每个家庭通常同时谈论一名家庭成员。当这样的事情发生时,这名成员的个体移情可能用不寻常的力量来打击治疗师,结果就是斯蒂林称为来自'卷入公正' '偏差从我们的经验来看,这种个人移情的影响和导致的反移情偏差基本上都会出现在每一次的家庭治疗中。每当这些偏差发生时,治疗师可以以一种关键和特殊的方式来理解他们:家庭作为一个整体生长出个人的移情,不管是在焦点的还是在情境的形式下,都会为它共事的情境移情说话。带着这样的观点,来自公正的反移情偏差不是过失,而是理解家庭共有情境移情的道路。

 

在这次治疗中。治疗师与愤怒抗争,有时候是对父亲的愤怒,有时候是对汤姆的愤怒,这代表一种反移情的回应,即治疗师感觉被整个家庭所欺凌,而整个家庭是在为欺凌的移情说话,因为他们作为一个小组害怕治疗师可能会滥用治疗性情境来挑剔他们。这种治疗师感受到的偏差感在不同的方式和不同的时间上个体性地指向汤姆、父亲和母亲,每一次都引出共有的家庭情境移情的线索。这种情境性移情组织了他们的相互作用。

 

就这样,治疗师对个体家庭成员的回应的确支持了他对家庭的情境抱持。
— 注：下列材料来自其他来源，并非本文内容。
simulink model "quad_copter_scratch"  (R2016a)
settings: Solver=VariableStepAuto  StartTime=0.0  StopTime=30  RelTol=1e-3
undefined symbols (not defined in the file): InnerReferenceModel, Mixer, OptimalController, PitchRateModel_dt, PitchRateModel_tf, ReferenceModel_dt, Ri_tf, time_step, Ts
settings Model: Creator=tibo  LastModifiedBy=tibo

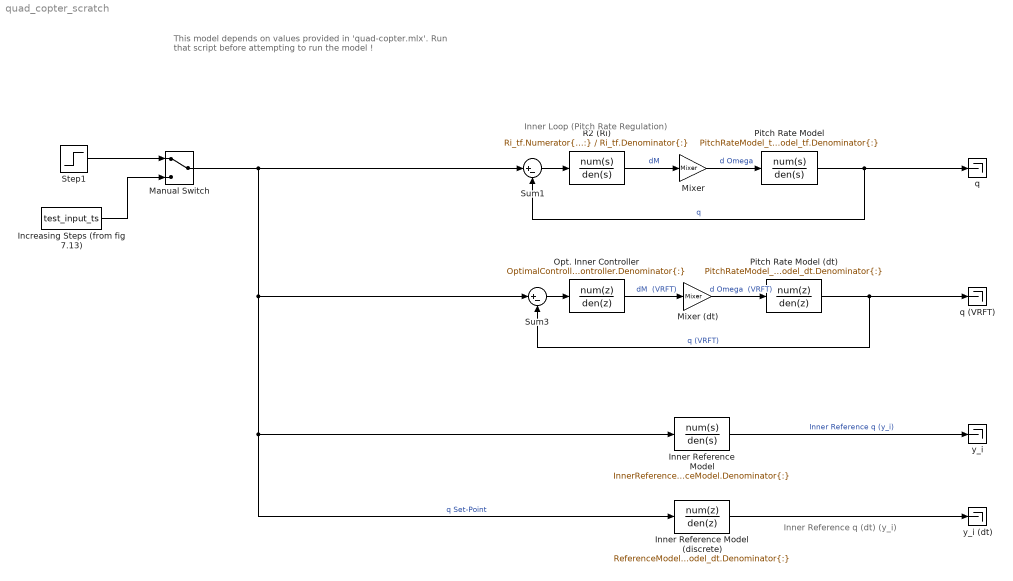
== system quad_copter_scratch ==
  note: Inner Reference q (dt) (y_i)
  note: This model depends on values provided in 'quad-copter.mlx'.
      | Run that script before attempting to run the model !
  note: Inner Loop (Pitch Rate Regulation)
  Increasing Steps (from fig 7.13) : FromWorkspace  VariableName=test_input_ts  SampleTime=time_step  OutputAfterFinalValue=Holding final value
  Inner Reference Model : TransferFcn  Numerator=InnerReferenceModel.Numerator{:}  Denominator=InnerReferenceModel.Denominator{:}
  Inner Reference Model (discrete) : DiscreteTransferFcn  Numerator=ReferenceModel_dt.Numerator{:}  Denominator=ReferenceModel_dt.Denominator{:}  SampleTime=Ts
  Manual Switch : ManualSwitch
  "Mixer " : Gain  Gain=Mixer
  Mixer (dt) : Gain  Gain=Mixer
  Opt. Inner Controller : DiscreteTransferFcn  Numerator=OptimalController.Numerator{:}  Denominator=OptimalController.Denominator{:}  SampleTime=Ts
  "Pitch Rate Model " : TransferFcn  Numerator=PitchRateModel_tf.Numerator{:}  Denominator=PitchRateModel_tf.Denominator{:}  ContinuousStateAttributes='PitchRate'
  Pitch Rate Model (dt) : DiscreteTransferFcn  Numerator=PitchRateModel_dt.Numerator{:}  Denominator=PitchRateModel_dt.Denominator{:}  SampleTime=Ts
  "R2 (Ri) " : TransferFcn  Numerator=Ri_tf.Numerator{:}  Denominator=Ri_tf.Denominator{:}
  Step1 : Step  SampleTime=0
  Sum1 : Sum  Inputs=|+-
  Sum3 : Sum  Inputs=|+-
  q : Terminator
  q (VRFT) : Terminator
  y_i : Terminator
  y_i (dt) : Terminator
  wires:
  Manual Switch/1 -> Sum1/1, Inner Reference Model (discrete)/1, Inner Reference Model/1, Sum3/1  "q Set-Point"
  "R2 (Ri) "/1 -> "Mixer "/1  "dM"
  "Mixer "/1 -> "Pitch Rate Model "/1  "d Omega"
  "Pitch Rate Model "/1 -> q/1, Sum1/2  "q"
  Increasing Steps (from fig 7.13)/1 -> Manual Switch/2
  Step1/1 -> Manual Switch/1
  Sum1/1 -> "R2 (Ri) "/1
  Opt. Inner Controller/1 -> Mixer (dt)/1  "dM  (VRFT)"
  Mixer (dt)/1 -> Pitch Rate Model (dt)/1  "d Omega  (VRFT)"
  Pitch Rate Model (dt)/1 -> q (VRFT)/1, Sum3/2  "q (VRFT)"
  Sum3/1 -> Opt. Inner Controller/1
  Inner Reference Model/1 -> y_i/1  "Inner Reference q (y_i)"
  Inner Reference Model (discrete)/1 -> y_i (dt)/1
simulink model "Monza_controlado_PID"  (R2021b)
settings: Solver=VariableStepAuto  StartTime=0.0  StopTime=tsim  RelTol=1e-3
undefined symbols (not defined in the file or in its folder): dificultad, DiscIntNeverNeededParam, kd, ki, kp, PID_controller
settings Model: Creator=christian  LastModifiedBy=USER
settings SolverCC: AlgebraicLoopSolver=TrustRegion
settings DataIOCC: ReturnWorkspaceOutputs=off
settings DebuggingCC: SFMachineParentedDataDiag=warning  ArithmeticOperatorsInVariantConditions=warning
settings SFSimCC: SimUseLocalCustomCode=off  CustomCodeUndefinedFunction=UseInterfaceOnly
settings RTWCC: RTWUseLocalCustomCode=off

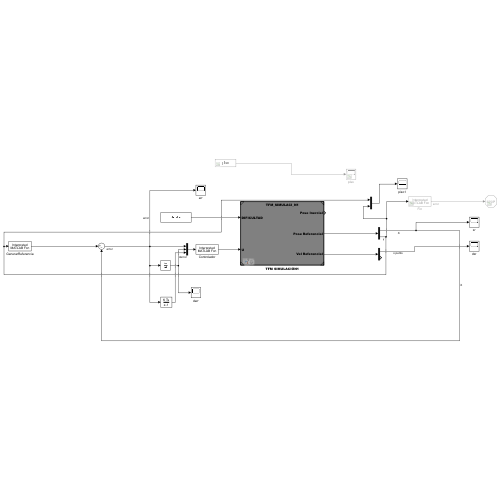
[thumbnail: Simulink's stored preview of the top-level diagram]
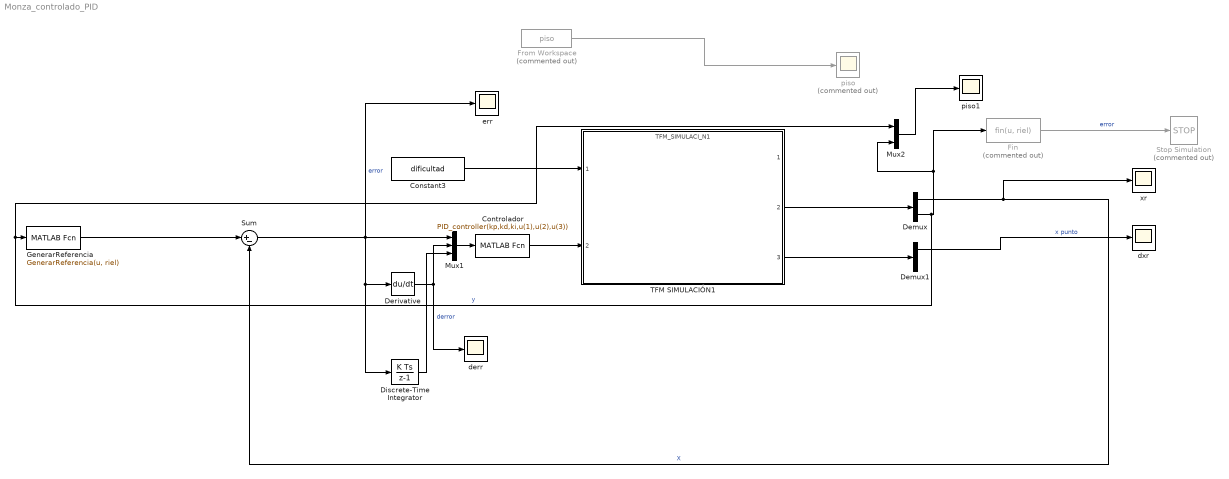
== system Monza_controlado_PID ==
  Constant3 : Constant  Value=dificultad
  Controlador : MATLABFcn  MATLABFcn=PID_controller(kp,kd,ki,u(1),u(2),u(3))  OutputDimensions=1
  Demux : Demux  Outputs=2
  Demux1 : Demux  Outputs=2
  Derivative : Derivative
  Discrete-Time Integrator : DiscreteIntegrator  SampleTime=-1  ICPrevOutput=DiscIntNeverNeededParam  ICPrevScaledInput=DiscIntNeverNeededParam
  Fin : MATLABFcn  Commented=on  MATLABFcn=fin(u, riel)  OutputDimensions=1
  From Workspace : FromWorkspace  Commented=on  VariableName=piso
  GenerarReferencia : MATLABFcn  MATLABFcn=GenerarReferencia(u, riel)
  Mux1 : Mux  Inputs=3
  Mux2 : Mux  Inputs=2
  Stop Simulation : Stop  Commented=on
  Sum : Sum  Inputs=|+-
  TFM SIMULACIÓN1 : ModelReference  ModelNameDialog=TFM_SIMULACI_N1.slx  UsingDefaultArgumentValue=0,0  SimulationMode=Normal  ModelReferenceVersion=9.0  Gain=0.05  Gain2=0.0223  SimulationMode=Normal
  derr : Scope
  dxr : Scope
  err : Scope
  piso : Scope  Commented=on
  piso1 : Scope
  xr : Scope
  wires:
  Constant3/1 -> TFM SIMULACIÓN1/1
  TFM SIMULACIÓN1/2 -> Demux/1
  TFM SIMULACIÓN1/3 -> Demux1/1
  Demux1/1 -> dxr/1  "x punto"
  Demux/1 -> Sum/2, xr/1  "X"
  Derivative/1 -> derr/1, Mux1/2  "derror"
  Mux1/1 -> Controlador/1
  Controlador/1 -> TFM SIMULACIÓN1/2
  Demux/2 -> Mux2/1, GenerarReferencia/1, Mux2/2, Fin/1  "y"
  Fin/1 -> Stop Simulation/1  "error"
  Sum/1 -> Discrete-Time Integrator/1, Derivative/1, err/1, Mux1/1  "error"
  From Workspace/1 -> piso/1
  GenerarReferencia/1 -> Sum/1
  Mux2/1 -> piso1/1
  Discrete-Time Integrator/1 -> Mux1/3

作为对这种功能的移情。他在结束时达到了最有效的参与。在这个组织层面,个人的个体控制中心和亚群体的移情和反移情都在相互作用,就像每一块砖都包含在整个房屋的建筑内。但是注意力放在哪里、哪个人的砖块放错了地方,这些会帮助我们思考整个房屋的结构和功能,而不是针对这单独的砖块。在这个家庭中,大家都全神贯注在欺凌和嘲弄,想搞清谁是牺牲品、谁是施害者,这同样也是带给治疗师的情境移情,整个家庭的抱持功能就是这样被暗地里破坏和耗尽的。

 

鼓励反移情

 

关于家庭移情的信息是以一种原始的、未组织的方式而来,是自治疗师对这一家庭共同关注的事物的反移情来组织的。当家庭努力处理这共有的关注——同时有家庭内在世界和围绕着家庭的世界——这种努力进入了治疗师内心。治疗师所提供的治疗性工作意味着家庭的关注将在家庭和治疗师之间的界限上活灵活现,都在抱持情境中。

 

源于家庭努力的信号不可避免地与治疗师自己类似的努力相混。通过这个内化配对过程,治疗师在自己的内在客体关系和那些病人被邀请放入他身上的内在客体关系中挑选出合适的部分。挑选出这一配对后,治疗师唤起了个人进行工作的记忆,作为推进更有效意识化整个过程的方式,直接工作于对事情的再理解。当然,有些事情对治疗师来说比对其他人可能更加容易产生冲突,每一位治疗师都有着不一样的过去,成为内化了的挣扎。这些区域是个体治疗和督导可以予以帮助并引领其进入意识以及有用层面的方向。不是说这些区域如果被抹去或者中立化,治疗师的心灵就能够被校正成一个潜意识移情的接受装置或者反移情发生器。一旦治疗师能与这些区域接触上,这些区域就会变得比那些从来不表现内心努力的区域更有用。对于这些区域,治疗师现在是能共情来自病人家庭的努力。我们希望学生能在督导或连续案例设置中轻松地对这些方面进行工作,而不是对被告知他们需要更多的个体治疗产生恐惧。我们不得不教给学生最难和最重要的课程,它们是开放性和了解自己弱点的根本。我们对反移情所做的工作,是我们试着教授的精神分析性家庭治疗的基石。

 

我们强调'焦点移情/反移情'在个体治疗中占据的重要地位,而'情境移情/反移情'在家庭治疗中是组织化的相互作用,但两者也有交叉。在本意中我们已经描述了两种移情和反移情形式在不同水平的个体治疗和家庭治疗中同时存在的作用。下一章我们将探讨夫妻治疗作为个体心理治疗和家庭治疗的中介模式,这种模式中情境移情/反移情和焦点移情/反移情都迅速地相互转换。